The student subnet should have a higher IP network address than the staff subnet. 

The network must be able to support up to 60 machines on the staff subnet (not counting the router) and up to 120 machines on the student subnet (also not counting the router).

IP address/netmask
University network address	127.158.128.0
University network mask	255.255.192.0
University internet gateway IP address	127.158.191.254
Department network mask	255.255.254.0
Department router address	127.158.129.254


Suppose that the network address of the departmental network is 127.158.128.0 (calculated by AND between Dep network mask and Dep router address)


I know that 60 machines would use 6 bits for the staff subnet.
the netmask of staff would be 255.255.255.192.

how can I figure out the the IP network address of the staff subnet.
I have worked out the range for the staff subnetwork.

127.158.128.0 - 127.158.128.63
127.158.128.1 = Gateway address
127.158.128.63 = Broadcast address

Now how can I calculate the IP network address of the staff subnet??

Please help its urgent


----------



## heliuminside (Sep 25, 2011)

First of all you cannot use the subnet 127.0.0.0, it is reserved for loopbacks.
However you can yo use either of these private addresses:

10.0.0.0/8
172.16.0.0/16
192.168.0.0/24

Policy requirements: a subnet for staff 60 machines and a subnet for students 120 machines.
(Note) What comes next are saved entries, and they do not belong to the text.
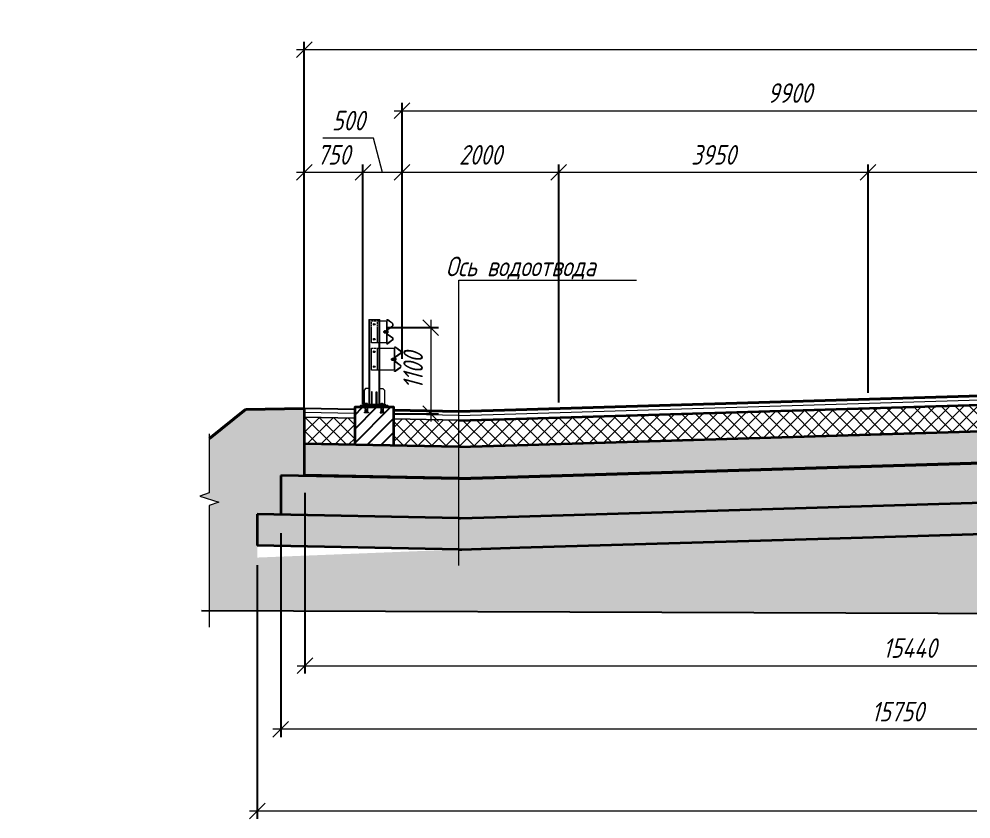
# Model space of a CAD drawing. Header units: millimetres. Extents: x 6546658 to 12951752, y -1354198 to 1102852.
# Drawn here: x 11610949 to 11623102, y -15108 to -4895 of the extents above; entities that cross this region are included whole.
import ezdxf
from ezdxf import colors
from ezdxf.entities.mleader import LeaderData, LeaderLine
from ezdxf.math import Vec2, Vec3

# ---------------------------------------------------------------- set-up
doc = ezdxf.new("R2010")
doc.units = ezdxf.units.MM
for name, pattern in [('ACAD_ISO02W100', [15, 12, -3]), ('ACAD_ISO10W100', [18.5, 12, -3, 0.5, -3]), ('осевая', [50.8, 31.75, -6.35, 6.35, -6.35])]:
    doc.linetypes.add(name, pattern=pattern)
doc.layers.get('Defpoints').update_dxf_attribs({"color": 254, "lineweight": 0})
for name, color, linetype, lineweight in [('01_Основные', 7, 'Continuous', 40), ('ИС_Med', 7, 'Continuous', 35), ('ИС_Выноски', 3, 'Continuous', 18), ('ИС_ОПОР_Штр', 2, 'Continuous', 9), ('ИС_Основная', 7, 'Continuous', 35), ('ИС_Ось', 1, 'осевая', 18), ('ИС_Размер', 3, 'Continuous', 18), ('ИС_Тонкая', 3, 'Continuous', 18), ('ИС_Штриховка', 2, 'Continuous', 9)]:
    doc.layers.add(name, color=color, linetype=linetype, lineweight=lineweight)
doc.layers.add('Красный поперечник', color=1, linetype='Continuous')
doc.styles.add('0', font='isocpeur.ttf', dxfattribs={"width": 0.8, "oblique": 15})
doc.styles.add('ISOCPEUR', font='isocpeur.ttf', dxfattribs={"width": 0.8, "oblique": 15})
doc.dimstyles.new('М100', dxfattribs={"dimscale": 100, "dimtxt": 2.5, "dimasz": 2, "dimexe": 1, "dimexo": 1, "dimgap": 1, "dimtad": 1, "dimdec": 0, "dimzin": 0, "dimdsep": 46, "dimtxsty": '0', "dimblk": 'OBLIQUE', "dimcen": 0.09, "dimdle": 1, "dimclrd": 256, "dimclre": 256, "dimclrt": 256, "dimadec": 4, "dimazin": 0, "dimtfac": 1, "dimtdec": 0, "dimtofl": 0, "dimtmove": 1, "dimatfit": 2, "dimfxl": 1, "dimtolj": 1, "dimtzin": 0, "dimlwd": -1, "dimarcsym": 0})

# ---------------------------------------------------------------- blocks, each defined once
blk = doc.blocks.new('_Oblique')
at = {"color": 0, "linetype": 'ByBlock', "lineweight": -2}
blk.add_line((-0.5, -0.5), (0.5, 0.5), dxfattribs=at)
blk = doc.blocks.new('*D286')
at = {"layer": 'Defpoints', "color": 0, "linetype": 'Continuous', "transparency": 16777216}
for p in [(11645539, -5284), (11645539, -9037), (11614589, -9985)]:
    blk.add_point(p, dxfattribs=at)
at = {"layer": 'ИС_Размер', "lineweight": -2, "transparency": 16777216}
for p, q in [((11614589, -9885), (11614589, -5184)), ((11645539, -8937), (11645539, -5184))]:
    blk.add_line(p, q, dxfattribs=at)
at = {"layer": 'ИС_Размер', "transparency": 16777216}
blk.add_line((11614489, -5284), (11645639, -5284), dxfattribs=at)
at = {"layer": 'ИС_Размер', "linetype": 'Continuous', "transparency": 16777216, "xscale": 200, "yscale": 200, "zscale": 200, "rotation": 180}
blk.add_blockref('_Oblique', (11614589, -5284), dxfattribs=at)
at = {"layer": 'ИС_Размер', "linetype": 'Continuous', "transparency": 16777216, "xscale": 200, "yscale": 200, "zscale": 200}
blk.add_blockref('_Oblique', (11645539, -5284), dxfattribs=at)
at = {"layer": 'ИС_Размер', "linetype": 'Continuous', "transparency": 16777216, "insert": (11630064, -5059), "char_height": 250, "attachment_point": 5, "style": '0'}
blk.add_mtext('\\A1;30950', dxfattribs=at)
blk = doc.blocks.new('*D290')
at = {"layer": 'Defpoints', "color": 0, "linetype": 'Continuous', "transparency": 16777216}
for p in [(11621789, -6854), (11625739, -9641), (11621789, -9768)]:
    blk.add_point(p, dxfattribs=at)
at = {"layer": 'ИС_Размер', "lineweight": -2, "transparency": 16777216}
for p, q in [((11621789, -9668), (11621789, -6754)), ((11625739, -9541), (11625739, -6754))]:
    blk.add_line(p, q, dxfattribs=at)
at = {"layer": 'ИС_Размер', "transparency": 16777216}
blk.add_line((11625839, -6854), (11621689, -6854), dxfattribs=at)
at = {"layer": 'ИС_Размер', "linetype": 'Continuous', "transparency": 16777216, "xscale": 200, "yscale": 200, "zscale": 200, "rotation": 180}
blk.add_blockref('_Oblique', (11621789, -6854), dxfattribs=at)
at = {"layer": 'ИС_Размер', "linetype": 'Continuous', "transparency": 16777216, "xscale": 200, "yscale": 200, "zscale": 200}
blk.add_blockref('_Oblique', (11625739, -6854), dxfattribs=at)
at = {"layer": 'ИС_Размер', "linetype": 'Continuous', "transparency": 16777216, "insert": (11623764, -6629), "char_height": 250, "attachment_point": 5, "style": '0'}
blk.add_mtext('\\A1;3950', dxfattribs=at)
blk = doc.blocks.new('*D291')
at = {"layer": 'Defpoints', "color": 0, "linetype": 'Continuous', "transparency": 16777216}
for p in [(11617839, -6854), (11621789, -9768), (11617839, -9889)]:
    blk.add_point(p, dxfattribs=at)
at = {"layer": 'ИС_Размер', "lineweight": -2, "transparency": 16777216}
for p, q in [((11617839, -9789), (11617839, -6754)), ((11621789, -9668), (11621789, -6754))]:
    blk.add_line(p, q, dxfattribs=at)
at = {"layer": 'ИС_Размер', "transparency": 16777216}
blk.add_line((11621889, -6854), (11617739, -6854), dxfattribs=at)
at = {"layer": 'ИС_Размер', "linetype": 'Continuous', "transparency": 16777216, "xscale": 200, "yscale": 200, "zscale": 200, "rotation": 180}
blk.add_blockref('_Oblique', (11617839, -6854), dxfattribs=at)
at = {"layer": 'ИС_Размер', "linetype": 'Continuous', "transparency": 16777216, "xscale": 200, "yscale": 200, "zscale": 200}
blk.add_blockref('_Oblique', (11621789, -6854), dxfattribs=at)
at = {"layer": 'ИС_Размер', "linetype": 'Continuous', "transparency": 16777216, "insert": (11619814, -6629), "char_height": 250, "attachment_point": 5, "style": '0'}
blk.add_mtext('\\A1;3950', dxfattribs=at)
blk = doc.blocks.new('*D292')
at = {"layer": 'Defpoints', "color": 0, "linetype": 'Continuous', "transparency": 16777216}
for p in [(11615839, -6854), (11615839, -9334), (11617839, -9889)]:
    blk.add_point(p, dxfattribs=at)
at = {"layer": 'ИС_Размер', "lineweight": -2, "transparency": 16777216}
for p, q in [((11615839, -9234), (11615839, -6754)), ((11617839, -9789), (11617839, -6754))]:
    blk.add_line(p, q, dxfattribs=at)
at = {"layer": 'ИС_Размер', "transparency": 16777216}
blk.add_line((11617939, -6854), (11615739, -6854), dxfattribs=at)
at = {"layer": 'ИС_Размер', "linetype": 'Continuous', "transparency": 16777216, "xscale": 200, "yscale": 200, "zscale": 200, "rotation": 180}
blk.add_blockref('_Oblique', (11615839, -6854), dxfattribs=at)
at = {"layer": 'ИС_Размер', "linetype": 'Continuous', "transparency": 16777216, "xscale": 200, "yscale": 200, "zscale": 200}
blk.add_blockref('_Oblique', (11617839, -6854), dxfattribs=at)
at = {"layer": 'ИС_Размер', "linetype": 'Continuous', "transparency": 16777216, "insert": (11616839, -6629), "char_height": 250, "attachment_point": 5, "style": '0'}
blk.add_mtext('\\A1;2000', dxfattribs=at)
blk = doc.blocks.new('*D293')
at = {"layer": 'Defpoints', "color": 0, "transparency": 16777216}
for p in [(11615339, -6854), (11615339, -8964), (11615839, -9334)]:
    blk.add_point(p, dxfattribs=at)
at = {"layer": 'ИС_Размер', "transparency": 16777216}
for p, q in [((11615476, -6417), (11614829, -6417)), ((11615589, -6854), (11615476, -6417)), ((11615939, -6854), (11615239, -6854))]:
    blk.add_line(p, q, dxfattribs=at)
at = {"layer": 'ИС_Размер', "lineweight": -2, "transparency": 16777216}
for p, q in [((11615339, -8864), (11615339, -6754)), ((11615839, -9234), (11615839, -6754))]:
    blk.add_line(p, q, dxfattribs=at)
at = {"layer": 'ИС_Размер', "transparency": 16777216, "xscale": 200, "yscale": 200, "zscale": 200, "rotation": 180}
blk.add_blockref('_Oblique', (11615339, -6854), dxfattribs=at)
at = {"layer": 'ИС_Размер', "transparency": 16777216, "xscale": 200, "yscale": 200, "zscale": 200}
blk.add_blockref('_Oblique', (11615839, -6854), dxfattribs=at)
at = {"layer": 'ИС_Размер', "transparency": 16777216, "insert": (11615153, -6192), "char_height": 250, "attachment_point": 5, "style": '0'}
blk.add_mtext('\\A1;500', dxfattribs=at)
blk = doc.blocks.new('*D294')
at = {"layer": 'Defpoints', "color": 0, "transparency": 16777216}
for p in [(11614589, -6854), (11614589, -8908), (11615339, -9914)]:
    blk.add_point(p, dxfattribs=at)
at = {"layer": 'ИС_Размер', "lineweight": -2, "transparency": 16777216}
for p, q in [((11614589, -8808), (11614589, -6754)), ((11615339, -9814), (11615339, -6754))]:
    blk.add_line(p, q, dxfattribs=at)
at = {"layer": 'ИС_Размер', "transparency": 16777216}
blk.add_line((11615439, -6854), (11614489, -6854), dxfattribs=at)
at = {"layer": 'ИС_Размер', "transparency": 16777216, "xscale": 200, "yscale": 200, "zscale": 200, "rotation": 180}
blk.add_blockref('_Oblique', (11614589, -6854), dxfattribs=at)
at = {"layer": 'ИС_Размер', "transparency": 16777216, "xscale": 200, "yscale": 200, "zscale": 200}
blk.add_blockref('_Oblique', (11615339, -6854), dxfattribs=at)
at = {"layer": 'ИС_Размер', "transparency": 16777216, "insert": (11614964, -6629), "char_height": 250, "attachment_point": 5, "style": '0'}
blk.add_mtext('\\A1;750', dxfattribs=at)
blk = doc.blocks.new('*D295')
at = {"layer": 'Defpoints', "color": 0, "linetype": 'Continuous', "transparency": 16777216}
for p in [(11625739, -6065), (11615839, -9334), (11625739, -9641)]:
    blk.add_point(p, dxfattribs=at)
at = {"layer": 'ИС_Размер', "transparency": 16777216}
blk.add_line((11615739, -6065), (11625839, -6065), dxfattribs=at)
at = {"layer": 'ИС_Размер', "lineweight": -2, "transparency": 16777216}
for p, q in [((11615839, -9234), (11615839, -5965)), ((11625739, -9541), (11625739, -5965))]:
    blk.add_line(p, q, dxfattribs=at)
at = {"layer": 'ИС_Размер', "linetype": 'Continuous', "transparency": 16777216, "xscale": 200, "yscale": 200, "zscale": 200, "rotation": 180}
blk.add_blockref('_Oblique', (11615839, -6065), dxfattribs=at)
at = {"layer": 'ИС_Размер', "linetype": 'Continuous', "transparency": 16777216, "xscale": 200, "yscale": 200, "zscale": 200}
blk.add_blockref('_Oblique', (11625739, -6065), dxfattribs=at)
at = {"layer": 'ИС_Размер', "linetype": 'Continuous', "transparency": 16777216, "insert": (11620789, -5840), "char_height": 250, "attachment_point": 5, "style": '0'}
blk.add_mtext('\\A1;9900', dxfattribs=at)
blk = doc.blocks.new('*D297')
at = {"layer": 'Defpoints', "color": 0, "linetype": 'Continuous', "transparency": 16777216}
for p in [(11614599, -10846), (11630040, -10863), (11630040, -13151)]:
    blk.add_point(p, dxfattribs=at)
at = {"layer": 'ИС_Размер', "lineweight": -2, "transparency": 16777216}
for p, q in [((11614599, -10946), (11614599, -13251)), ((11630040, -10963), (11630040, -13251))]:
    blk.add_line(p, q, dxfattribs=at)
at = {"layer": 'ИС_Размер', "transparency": 16777216}
blk.add_line((11614499, -13151), (11630140, -13151), dxfattribs=at)
at = {"layer": 'ИС_Размер', "linetype": 'Continuous', "transparency": 16777216, "xscale": 200, "yscale": 200, "zscale": 200, "rotation": 180}
blk.add_blockref('_Oblique', (11614599, -13151), dxfattribs=at)
at = {"layer": 'ИС_Размер', "linetype": 'Continuous', "transparency": 16777216, "xscale": 200, "yscale": 200, "zscale": 200}
blk.add_blockref('_Oblique', (11630040, -13151), dxfattribs=at)
at = {"layer": 'ИС_Размер', "linetype": 'Continuous', "transparency": 16777216, "insert": (11622320, -12926), "char_height": 250, "attachment_point": 5, "style": '0'}
blk.add_mtext('\\A1;15440', dxfattribs=at)
blk = doc.blocks.new('*D348')
at = {"layer": 'Defpoints', "color": 0, "linetype": 'Continuous', "transparency": 16777216}
for p in [(11630040, -10863), (11614289, -11359), (11614289, -13963)]:
    blk.add_point(p, dxfattribs=at)
at = {"layer": 'ИС_Размер', "lineweight": -2, "transparency": 16777216}
for p, q in [((11630040, -10963), (11630040, -14063)), ((11614289, -11459), (11614289, -14063))]:
    blk.add_line(p, q, dxfattribs=at)
at = {"layer": 'ИС_Размер', "transparency": 16777216}
blk.add_line((11630140, -13963), (11614189, -13963), dxfattribs=at)
at = {"layer": 'ИС_Размер', "linetype": 'Continuous', "transparency": 16777216, "xscale": 200, "yscale": 200, "zscale": 200, "rotation": 180}
blk.add_blockref('_Oblique', (11614289, -13963), dxfattribs=at)
at = {"layer": 'ИС_Размер', "linetype": 'Continuous', "transparency": 16777216, "xscale": 200, "yscale": 200, "zscale": 200}
blk.add_blockref('_Oblique', (11630040, -13963), dxfattribs=at)
at = {"layer": 'ИС_Размер', "linetype": 'Continuous', "transparency": 16777216, "insert": (11622165, -13738), "char_height": 250, "attachment_point": 5, "style": '0'}
blk.add_mtext('\\A1;15750', dxfattribs=at)
blk = doc.blocks.new('*D349')
at = {"layer": 'Defpoints', "color": 0, "linetype": 'Continuous', "transparency": 16777216}
for p in [(11646139, -10780), (11613989, -11768), (11613989, -15008)]:
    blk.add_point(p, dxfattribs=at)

Policy states that staff machines should use the first part of subnet and students one the second.

I would not recommend you that design because if you put 60 machines first you will end up eating address space. Take it like this:

Staff subnet: 172.16.1.0/192 you will use the space 0-63 however in order to apply the second part to this subnet you need to eat up to another 64 addresses, because you cannot start subneting from smaller networks to bigger ones. This would look like this:

Staff part is 172.16.1.0 - 63 /192 (*255.255.255.192) and for the students part it would be 172.16.1.128.0/128 (*255.255.255.128)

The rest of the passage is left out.